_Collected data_

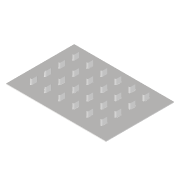
# Autodesk Inventor part: 00_Omniscope_PCB_USBC
Saved by Autodesk Inventor 2022 (Build 260153000, 153)
## iProperties
Created: 2023-05-17
Part Number: 00_Omniscope_PCB_USBC
Material: Generisch
Document SubType Name: Modeling
Designer: diederichbenedict
Density: 1 g/cm^3
Appearance: Vorgabe
Author: diederichbenedict
Autodesk Inventor part; units mm, degrees
(part 1 of 5)
ref_plane "YZ Plane" through (0, 0, 0) normal (1, 0, 0) x (0, 1, 0)
ref_plane "XZ Plane" through (0, 0, 0) normal (0, 1, 0) x (-1, 0, 0)
ref_plane "XY Plane" through (0, 0, 0) normal (0, 0, 1) x (1, 0, 0)
sketch "Skizze5" plane through (0, 0, 0) normal (0, 1, 0) x (-1, 0, 0)
  line L0 (78.8326, 37.2618) -> (79.6226, 37.2618)
  line L1 (79.6226, 37.2618) -> (79.6226, 36.8618)
  line L2 (79.6226, 36.8618) -> (78.8326, 36.8618)
  line L3 (78.8326, 36.8618) -> (78.8326, 37.2618)
  line L4 (76.2926, 37.2618) -> (77.0826, 37.2618)
  line L5 (77.0826, 37.2618) -> (77.0826, 36.8618)
  line L6 (77.0826, 36.8618) -> (76.2926, 36.8618)
  line L7 (76.2926, 36.8618) -> (76.2926, 37.2618)
  line L8 (78.8326, 36.4618) -> (79.6226, 36.4618)
  line L9 (79.6226, 36.4618) -> (79.6226, 36.0618)
  line L10 (79.6226, 36.0618) -> (78.8326, 36.0618)
  line L11 (78.8326, 36.0618) -> (78.8326, 36.4618)
  line L12 (76.2926, 36.4618) -> (77.0826, 36.4618)
  line L13 (77.0826, 36.4618) -> (77.0826, 36.0618)
  line L14 (77.0826, 36.0618) -> (76.2926, 36.0618)
  line L15 (76.2926, 36.0618) -> (76.2926, 36.4618)
  line L16 (78.8326, 35.6618) -> (79.6226, 35.6618)
  line L17 (79.6226, 35.6618) -> (79.6226, 35.2618)
  line L18 (79.6226, 35.2618) -> (78.8326, 35.2618)
  line L19 (78.8326, 35.2618) -> (78.8326, 35.6618)
  line L20 (76.2926, 35.6618) -> (77.0826, 35.6618)
  line L21 (77.0826, 35.6618) -> (77.0826, 35.2618)
  line L22 (77.0826, 35.2618) -> (76.2926, 35.2618)
  line L23 (76.2926, 35.2618) -> (76.2926, 35.6618)
  line L24 (78.8326, 34.8618) -> (79.6226, 34.8618)
  line L25 (79.6226, 34.8618) -> (79.6226, 34.4618)
  line L26 (79.6226, 34.4618) -> (78.8326, 34.4618)
  line L27 (78.8326, 34.4618) -> (78.8326, 34.8618)
  line L28 (76.2926, 34.8618) -> (77.0826, 34.8618)
  line L29 (77.0826, 34.8618) -> (77.0826, 34.4618)
  line L30 (77.0826, 34.4618) -> (76.2926, 34.4618)
  line L31 (76.2926, 34.4618) -> (76.2926, 34.8618)
  line L32 (78.8326, 34.0618) -> (79.6226, 34.0618)
  line L33 (79.6226, 34.0618) -> (79.6226, 33.6618)
  line L34 (79.6226, 33.6618) -> (78.8326, 33.6618)
  line L35 (78.8326, 33.6618) -> (78.8326, 34.0618)
  line L36 (76.2926, 34.0618) -> (77.0826, 34.0618)
  line L37 (77.0826, 34.0618) -> (77.0826, 33.6618)
  line L38 (77.0826, 33.6618) -> (76.2926, 33.6618)
  line L39 (76.2926, 33.6618) -> (76.2926, 34.0618)
  line L40 (78.8326, 33.2618) -> (79.6226, 33.2618)
  line L41 (79.6226, 33.2618) -> (79.6226, 32.8618)
  line L42 (79.6226, 32.8618) -> (78.8326, 32.8618)
  line L43 (78.8326, 32.8618) -> (78.8326, 33.2618)
  line L44 (76.2926, 33.2618) -> (77.0826, 33.2618)
  line L45 (77.0826, 33.2618) -> (77.0826, 32.8618)
  line L46 (77.0826, 32.8618) -> (76.2926, 32.8618)
  line L47 (76.2926, 32.8618) -> (76.2926, 33.2618)
  line L48 (78.8326, 32.4618) -> (79.6226, 32.4618)
  line L49 (79.6226, 32.4618) -> (79.6226, 32.0618)
  line L50 (79.6226, 32.0618) -> (78.8326, 32.0618)
  line L51 (78.8326, 32.0618) -> (78.8326, 32.4618)
  line L52 (76.2926, 32.4618) -> (77.0826, 32.4618)
  line L53 (77.0826, 32.4618) -> (77.0826, 32.0618)
  line L54 (77.0826, 32.0618) -> (76.2926, 32.0618)
  line L55 (76.2926, 32.0618) -> (76.2926, 32.4618)
  line L56 (78.8326, 31.6618) -> (79.6226, 31.6618)
  line L57 (79.6226, 31.6618) -> (79.6226, 31.2618)
  line L58 (79.6226, 31.2618) -> (78.8326, 31.2618)
  line L59 (78.8326, 31.2618) -> (78.8326, 31.6618)
  line L60 (76.2926, 31.6618) -> (77.0826, 31.6618)
  line L61 (77.0826, 31.6618) -> (77.0826, 31.2618)
  line L62 (77.0826, 31.2618) -> (76.2926, 31.2618)
  line L63 (76.2926, 31.2618) -> (76.2926, 31.6618)
  line L64 (77.1576, 38.5368) -> (78.7576, 38.5368)
  line L65 (78.7576, 38.5368) -> (78.7576, 37.8868)
  line L66 (78.7576, 37.8868) -> (77.1576, 37.8868)
  line L67 (77.1576, 37.8868) -> (77.1576, 38.5368)
  line L68 (77.1576, 30.6368) -> (78.7576, 30.6368)
  line L69 (78.7576, 30.6368) -> (78.7576, 29.9868)
  line L70 (78.7576, 29.9868) -> (77.1576, 29.9868)
  line L71 (77.1576, 29.9868) -> (77.1576, 30.6368)
  line L72 (22.0076, 75.1618) -> (22.7976, 75.1618)
  line L73 (22.7976, 75.1618) -> (22.7976, 74.7618)
  line L74 (22.7976, 74.7618) -> (22.0076, 74.7618)
  line L75 (22.0076, 74.7618) -> (22.0076, 75.1618)
  line L76 (19.4676, 75.1618) -> (20.2576, 75.1618)
  line L77 (20.2576, 75.1618) -> (20.2576, 74.7618)
  line L78 (20.2576, 74.7618) -> (19.4676, 74.7618)
  line L79 (19.4676, 74.7618) -> (19.4676, 75.1618)
  line L80 (22.0076, 74.3618) -> (22.7976, 74.3618)
  line L81 (22.7976, 74.3618) -> (22.7976, 73.9618)
  line L82 (22.7976, 73.9618) -> (22.0076, 73.9618)
  line L83 (22.0076, 73.9618) -> (22.0076, 74.3618)
  line L84 (19.4676, 74.3618) -> (20.2576, 74.3618)
  line L85 (20.2576, 74.3618) -> (20.2576, 73.9618)
  line L86 (20.2576, 73.9618) -> (19.4676, 73.9618)
  line L87 (19.4676, 73.9618) -> (19.4676, 74.3618)
  line L88 (22.0076, 73.5618) -> (22.7976, 73.5618)
  line L89 (22.7976, 73.5618) -> (22.7976, 73.1618)
  line L90 (22.7976, 73.1618) -> (22.0076, 73.1618)
  line L91 (22.0076, 73.1618) -> (22.0076, 73.5618)
  line L92 (19.4676, 73.5618) -> (20.2576, 73.5618)
  line L93 (20.2576, 73.5618) -> (20.2576, 73.1618)
  line L94 (20.2576, 73.1618) -> (19.4676, 73.1618)
  line L95 (19.4676, 73.1618) -> (19.4676, 73.5618)
  line L96 (22.0076, 72.7618) -> (22.7976, 72.7618)
  line L97 (22.7976, 72.7618) -> (22.7976, 72.3618)
  line L98 (22.7976, 72.3618) -> (22.0076, 72.3618)
  line L99 (22.0076, 72.3618) -> (22.0076, 72.7618)
  line L100 (19.4676, 72.7618) -> (20.2576, 72.7618)
  line L101 (20.2576, 72.7618) -> (20.2576, 72.3618)
  line L102 (20.2576, 72.3618) -> (19.4676, 72.3618)
  line L103 (19.4676, 72.3618) -> (19.4676, 72.7618)
  line L104 (22.0076, 71.9618) -> (22.7976, 71.9618)
  line L105 (22.7976, 71.9618) -> (22.7976, 71.5618)
  line L106 (22.7976, 71.5618) -> (22.0076, 71.5618)
  line L107 (22.0076, 71.5618) -> (22.0076, 71.9618)
  line L108 (19.4676, 71.9618) -> (20.2576, 71.9618)
  line L109 (20.2576, 71.9618) -> (20.2576, 71.5618)
  line L110 (20.2576, 71.5618) -> (19.4676, 71.5618)
  line L111 (19.4676, 71.5618) -> (19.4676, 71.9618)
  line L112 (22.0076, 71.1618) -> (22.7976, 71.1618)
  line L113 (22.7976, 71.1618) -> (22.7976, 70.7618)
  line L114 (22.7976, 70.7618) -> (22.0076, 70.7618)
  line L115 (22.0076, 70.7618) -> (22.0076, 71.1618)
  line L116 (19.4676, 71.1618) -> (20.2576, 71.1618)
  line L117 (20.2576, 71.1618) -> (20.2576, 70.7618)
  line L118 (20.2576, 70.7618) -> (19.4676, 70.7618)
  line L119 (19.4676, 70.7618) -> (19.4676, 71.1618)
  line L120 (22.0076, 70.3618) -> (22.7976, 70.3618)
  line L121 (22.7976, 70.3618) -> (22.7976, 69.9618)
  line L122 (22.7976, 69.9618) -> (22.0076, 69.9618)
  line L123 (22.0076, 69.9618) -> (22.0076, 70.3618)
  line L124 (19.4676, 70.3618) -> (20.2576, 70.3618)
  line L125 (20.2576, 70.3618) -> (20.2576, 69.9618)
  line L126 (20.2576, 69.9618) -> (19.4676, 69.9618)
  line L127 (19.4676, 69.9618) -> (19.4676, 70.3618)
  line L128 (22.0076, 69.5618) -> (22.7976, 69.5618)
  line L129 (22.7976, 69.5618) -> (22.7976, 69.1618)
  line L130 (22.7976, 69.1618) -> (22.0076, 69.1618)
  line L131 (22.0076, 69.1618) -> (22.0076, 69.5618)
  line L132 (19.4676, 69.5618) -> (20.2576, 69.5618)
  line L133 (20.2576, 69.5618) -> (20.2576, 69.1618)
  line L134 (20.2576, 69.1618) -> (19.4676, 69.1618)
  line L135 (19.4676, 69.1618) -> (19.4676, 69.5618)
  line L136 (20.3326, 76.4368) -> (21.9326, 76.4368)
  line L137 (21.9326, 76.4368) -> (21.9326, 75.7868)
  line L138 (21.9326, 75.7868) -> (20.3326, 75.7868)
  line L139 (20.3326, 75.7868) -> (20.3326, 76.4368)
  line L140 (20.3326, 68.5368) -> (21.9326, 68.5368)
  line L141 (21.9326, 68.5368) -> (21.9326, 67.8868)
  line L142 (21.9326, 67.8868) -> (20.3326, 67.8868)
  line L143 (20.3326, 67.8868) -> (20.3326, 68.5368)
  line L144 (116.3951, 37.3118) -> (117.1851, 37.3118)
  line L145 (117.1851, 37.3118) -> (117.1851, 36.9118)
  line L146 (117.1851, 36.9118) -> (116.3951, 36.9118)
  line L147 (116.3951, 36.9118) -> (116.3951, 37.3118)
  line L148 (113.8551, 37.3118) -> (114.6451, 37.3118)
  line L149 (114.6451, 37.3118) -> (114.6451, 36.9118)
  line L150 (114.6451, 36.9118) -> (113.8551, 36.9118)
  line L151 (113.8551, 36.9118) -> (113.8551, 37.3118)
  line L152 (116.3951, 36.5118) -> (117.1851, 36.5118)
  line L153 (117.1851, 36.5118) -> (117.1851, 36.1118)
  line L154 (117.1851, 36.1118) -> (116.3951, 36.1118)
  line L155 (116.3951, 36.1118) -> (116.3951, 36.5118)
  line L156 (113.8551, 36.5118) -> (114.6451, 36.5118)
  line L157 (114.6451, 36.5118) -> (114.6451, 36.1118)
  line L158 (114.6451, 36.1118) -> (113.8551, 36.1118)
  line L159 (113.8551, 36.1118) -> (113.8551, 36.5118)
  line L160 (116.3951, 35.7118) -> (117.1851, 35.7118)
  line L161 (117.1851, 35.7118) -> (117.1851, 35.3118)
  line L162 (117.1851, 35.3118) -> (116.3951, 35.3118)
  line L163 (116.3951, 35.3118) -> (116.3951, 35.7118)
  line L164 (113.8551, 35.7118) -> (114.6451, 35.7118)
  line L165 (114.6451, 35.7118) -> (114.6451, 35.3118)
  line L166 (114.6451, 35.3118) -> (113.8551, 35.3118)
  line L167 (113.8551, 35.3118) -> (113.8551, 35.7118)
  line L168 (116.3951, 34.9118) -> (117.1851, 34.9118)
  line L169 (117.1851, 34.9118) -> (117.1851, 34.5118)
  line L170 (117.1851, 34.5118) -> (116.3951, 34.5118)
  line L171 (116.3951, 34.5118) -> (116.3951, 34.9118)
  line L172 (113.8551, 34.9118) -> (114.6451, 34.9118)
  line L173 (114.6451, 34.9118) -> (114.6451, 34.5118)
  line L174 (114.6451, 34.5118) -> (113.8551, 34.5118)
  line L175 (113.8551, 34.5118) -> (113.8551, 34.9118)
  line L176 (116.3951, 34.1118) -> (117.1851, 34.1118)
  line L177 (117.1851, 34.1118) -> (117.1851, 33.7118)
  line L178 (117.1851, 33.7118) -> (116.3951, 33.7118)
  line L179 (116.3951, 33.7118) -> (116.3951, 34.1118)
  line L180 (113.8551, 34.1118) -> (114.6451, 34.1118)
  line L181 (114.6451, 34.1118) -> (114.6451, 33.7118)
  line L182 (114.6451, 33.7118) -> (113.8551, 33.7118)
  line L183 (113.8551, 33.7118) -> (113.8551, 34.1118)
  line L184 (116.3951, 33.3118) -> (117.1851, 33.3118)
  line L185 (117.1851, 33.3118) -> (117.1851, 32.9118)
  line L186 (117.1851, 32.9118) -> (116.3951, 32.9118)
  line L187 (116.3951, 32.9118) -> (116.3951, 33.3118)
  line L188 (113.8551, 33.3118) -> (114.6451, 33.3118)
  line L189 (114.6451, 33.3118) -> (114.6451, 32.9118)
  line L190 (114.6451, 32.9118) -> (113.8551, 32.9118)
  line L191 (113.8551, 32.9118) -> (113.8551, 33.3118)
  line L192 (116.3951, 32.5118) -> (117.1851, 32.5118)
  line L193 (117.1851, 32.5118) -> (117.1851, 32.1118)
  line L194 (117.1851, 32.1118) -> (116.3951, 32.1118)
  line L195 (116.3951, 32.1118) -> (116.3951, 32.5118)
  line L196 (113.8551, 32.5118) -> (114.6451, 32.5118)
  line L197 (114.6451, 32.5118) -> (114.6451, 32.1118)
  line L198 (114.6451, 32.1118) -> (113.8551, 32.1118)
  line L199 (113.8551, 32.1118) -> (113.8551, 32.5118)
  line L200 (116.3951, 31.7118) -> (117.1851, 31.7118)
  line L201 (117.1851, 31.7118) -> (117.1851, 31.3118)
  line L202 (117.1851, 31.3118) -> (116.3951, 31.3118)
  line L203 (116.3951, 31.3118) -> (116.3951, 31.7118)
  line L204 (113.8551, 31.7118) -> (114.6451, 31.7118)
  line L205 (114.6451, 31.7118) -> (114.6451, 31.3118)
  line L206 (114.6451, 31.3118) -> (113.8551, 31.3118)
  line L207 (113.8551, 31.3118) -> (113.8551, 31.7118)
  line L208 (114.7201, 38.5868) -> (116.3201, 38.5868)
  line L209 (116.3201, 38.5868) -> (116.3201, 37.9368)
  line L210 (116.3201, 37.9368) -> (114.7201, 37.9368)
  line L211 (114.7201, 37.9368) -> (114.7201, 38.5868)
  line L212 (114.7201, 30.6868) -> (116.3201, 30.6868)
  line L213 (116.3201, 30.6868) -> (116.3201, 30.0368)
  line L214 (116.3201, 30.0368) -> (114.7201, 30.0368)
  line L215 (114.7201, 30.0368) -> (114.7201, 30.6868)
  line L216 (22.0826, 37.3868) -> (22.8726, 37.3868)
  line L217 (22.8726, 37.3868) -> (22.8726, 36.9868)
  line L218 (22.8726, 36.9868) -> (22.0826, 36.9868)
  line L219 (22.0826, 36.9868) -> (22.0826, 37.3868)
  line L220 (19.5426, 37.3868) -> (20.3326, 37.3868)
  line L221 (20.3326, 37.3868) -> (20.3326, 36.9868)
  line L222 (20.3326, 36.9868) -> (19.5426, 36.9868)
  line L223 (19.5426, 36.9868) -> (19.5426, 37.3868)
  line L224 (22.0826, 36.5868) -> (22.8726, 36.5868)
  line L225 (22.8726, 36.5868) -> (22.8726, 36.1868)
  line L226 (22.8726, 36.1868) -> (22.0826, 36.1868)
  line L227 (22.0826, 36.1868) -> (22.0826, 36.5868)
  line L228 (19.5426, 36.5868) -> (20.3326, 36.5868)
  line L229 (20.3326, 36.5868) -> (20.3326, 36.1868)
  line L230 (20.3326, 36.1868) -> (19.5426, 36.1868)
  line L231 (19.5426, 36.1868) -> (19.5426, 36.5868)
  line L232 (22.0826, 35.7868) -> (22.8726, 35.7868)
  line L233 (22.8726, 35.7868) -> (22.8726, 35.3868)
  line L234 (22.8726, 35.3868) -> (22.0826, 35.3868)
  line L235 (22.0826, 35.3868) -> (22.0826, 35.7868)
  line L236 (19.5426, 35.7868) -> (20.3326, 35.7868)
  line L237 (20.3326, 35.7868) -> (20.3326, 35.3868)
  line L238 (20.3326, 35.3868) -> (19.5426, 35.3868)
  line L239 (19.5426, 35.3868) -> (19.5426, 35.7868)
  line L240 (22.0826, 34.9868) -> (22.8726, 34.9868)
  line L241 (22.8726, 34.9868) -> (22.8726, 34.5868)
  line L242 (22.8726, 34.5868) -> (22.0826, 34.5868)
  line L243 (22.0826, 34.5868) -> (22.0826, 34.9868)
  line L244 (19.5426, 34.9868) -> (20.3326, 34.9868)
  line L245 (20.3326, 34.9868) -> (20.3326, 34.5868)
  line L246 (20.3326, 34.5868) -> (19.5426, 34.5868)
  line L247 (19.5426, 34.5868) -> (19.5426, 34.9868)
  line L248 (22.0826, 34.1868) -> (22.8726, 34.1868)
  line L249 (22.8726, 34.1868) -> (22.8726, 33.7868)
  line L250 (22.8726, 33.7868) -> (22.0826, 33.7868)
  line L251 (22.0826, 33.7868) -> (22.0826, 34.1868)
  line L252 (19.5426, 34.1868) -> (20.3326, 34.1868)
  line L253 (20.3326, 34.1868) -> (20.3326, 33.7868)
  line L254 (20.3326, 33.7868) -> (19.5426, 33.7868)
  line L255 (19.5426, 33.7868) -> (19.5426, 34.1868)
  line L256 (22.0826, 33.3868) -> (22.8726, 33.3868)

_Assignment_
From the entries above, print the lines beginning at the one with "line L90 (22.7976, 73.1618)" and stopping after the one with "line L117 (20.2576, 71.1618)", exactly as written and with nothing else.

_Exercise response_
  line L90 (22.7976, 73.1618) -> (22.0076, 73.1618)
  line L91 (22.0076, 73.1618) -> (22.0076, 73.5618)
  line L92 (19.4676, 73.5618) -> (20.2576, 73.5618)
  line L93 (20.2576, 73.5618) -> (20.2576, 73.1618)
  line L94 (20.2576, 73.1618) -> (19.4676, 73.1618)
  line L95 (19.4676, 73.1618) -> (19.4676, 73.5618)
  line L96 (22.0076, 72.7618) -> (22.7976, 72.7618)
  line L97 (22.7976, 72.7618) -> (22.7976, 72.3618)
  line L98 (22.7976, 72.3618) -> (22.0076, 72.3618)
  line L99 (22.0076, 72.3618) -> (22.0076, 72.7618)
  line L100 (19.4676, 72.7618) -> (20.2576, 72.7618)
  line L101 (20.2576, 72.7618) -> (20.2576, 72.3618)
  line L102 (20.2576, 72.3618) -> (19.4676, 72.3618)
  line L103 (19.4676, 72.3618) -> (19.4676, 72.7618)
  line L104 (22.0076, 71.9618) -> (22.7976, 71.9618)
  line L105 (22.7976, 71.9618) -> (22.7976, 71.5618)
  line L106 (22.7976, 71.5618) -> (22.0076, 71.5618)
  line L107 (22.0076, 71.5618) -> (22.0076, 71.9618)
  line L108 (19.4676, 71.9618) -> (20.2576, 71.9618)
  line L109 (20.2576, 71.9618) -> (20.2576, 71.5618)
  line L110 (20.2576, 71.5618) -> (19.4676, 71.5618)
  line L111 (19.4676, 71.5618) -> (19.4676, 71.9618)
  line L112 (22.0076, 71.1618) -> (22.7976, 71.1618)
  line L113 (22.7976, 71.1618) -> (22.7976, 70.7618)
  line L114 (22.7976, 70.7618) -> (22.0076, 70.7618)
  line L115 (22.0076, 70.7618) -> (22.0076, 71.1618)
  line L116 (19.4676, 71.1618) -> (20.2576, 71.1618)
  line L117 (20.2576, 71.1618) -> (20.2576, 70.7618)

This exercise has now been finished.